Bu hayvanlar daha doğar doğmaz hastalıklara karşı aşılanmaktadır. Yiyecekleri bilimsel yöntemlere göre hazırlanmış, vücutlarının fizyolojik ihtiyaçlarına göre belirlenmiş özel mamalardır. Ömürleri boyunca sokağın çamurundan, pisliğinden, dışarının soğundan uzak bir şekilde sıcacık bir çatı altında yaşamlarını sürdürürler. Özel şampuanları vardır ve sahipleri tarafından düzenli olarak banyo yaptırılırlar. Bundan dolayı ömürlerinde enfeksiyona bağlı hastalıklara pek yakalanmazlar; fakat vücut dirençleri zayıf olduğundan en ufak bir olumsuzlukta da hasta olabilirler ve aynı zamanda alerjik hastalıklara yatkındırlar. Çok terbiyelidirler, tuvalet eğitimleri vardır ve sahiplerinin her sözünü dinlerler. Zaten aileden bir birey gibidir, insanlar hayvanlarına sevgi gösterir, birlikte oynarlar, aralarında duygusal paylaşımlar yaşanır. Kedi ve köpeklerin 10-15 yıl arasında bir doğal yaşam süreleri vardır ve Avrupa'da evcil hayvanlar ömürlerinin sonuna doğru bir yaşlılık sürecini de geçirirler: tüyleri solar, dişleri dökülür, kilo alır ve hatta altına kaçırmaya başlar. Bir gün hayatını kaybetse bile hafızalardan hiçbir zaman silinmezler..

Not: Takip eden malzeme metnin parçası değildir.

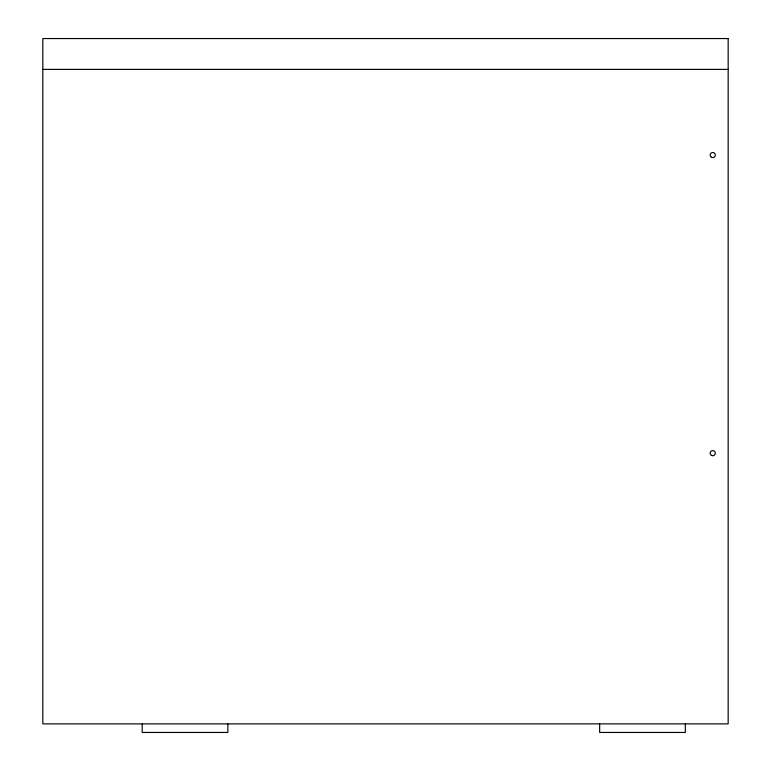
<?xml version="1.0" encoding="UTF-8"?>
<svg xmlns="http://www.w3.org/2000/svg" width="771" height="771" viewBox="0 0 771 771"><rect width="100%" height="100%" fill="white"/><g stroke="black" fill="none" stroke-linecap="round" stroke-linejoin="round"><path stroke-width="1.16" d="M42.829 69.39L728.171 69.39M685.332 724.075L685.332 732.45L599.665 732.45L599.665 724.075M227.869 724.075L227.869 732.45L142.211 732.45L142.211 724.075M728.171 38.55L42.829 38.55L42.829 723.882L728.171 723.882L728.171 38.55M711.46 455.401A2.573 2.573 0 0 0 715.315 453.175A2.573 2.573 0 0 0 711.46 450.948A2.573 2.573 0 0 0 711.46 455.401M711.46 157.284A2.573 2.573 0 0 0 715.315 155.058A2.573 2.573 0 0 0 711.46 152.831A2.573 2.573 0 0 0 711.46 157.284"/></g></svg>

Bir karşılaştırma olması bakımından Türkiye'deki sokak köpeklerinin hayatını inceleyebiliriz. Evde hayvan besleme Türkiye'de pek fazla yaygın değildir. İnsanlar daha kendilerine bakamazken elbette kedi köpeğe bakacak durumda değildir. Sadece köylerde bekçilik yapsın diye evin önüne bir köpek bağlanır, yemek artıklarıyla beslenir. Şehirde insanların evde kedi köpeğe ayıracakları vakitleri de yoktur, işten eve geldiklerinde yorgunluktan başlarını kaldıracak taakatleri de. Çocuklar genelde sokakta köpeğin birinin başına bir ip bağlayıp dolaştırırlar, sonra anneleri kızınca bırakırlar. Bir hevesle eve alınıp sonra bakımı zor gelince sokağa terk edilen köpek de çoktur. Sokak köpekleri sürekli mikropların içinde olduğundan vücutları doğal bir bağışıklık kazanır, hastalanmasalar bile çok hayırlı bir şey değildir bu. Karda, kışta, yarı aç yarı tok yaşayıp giderler. Yaşam süreleri de çok uzun olmaz. Sokak köpekleri pek yaşlanmaz, ya bir kışı atlatamaz, ya araba çarpar ya da belediye tarafından zehirlenirler.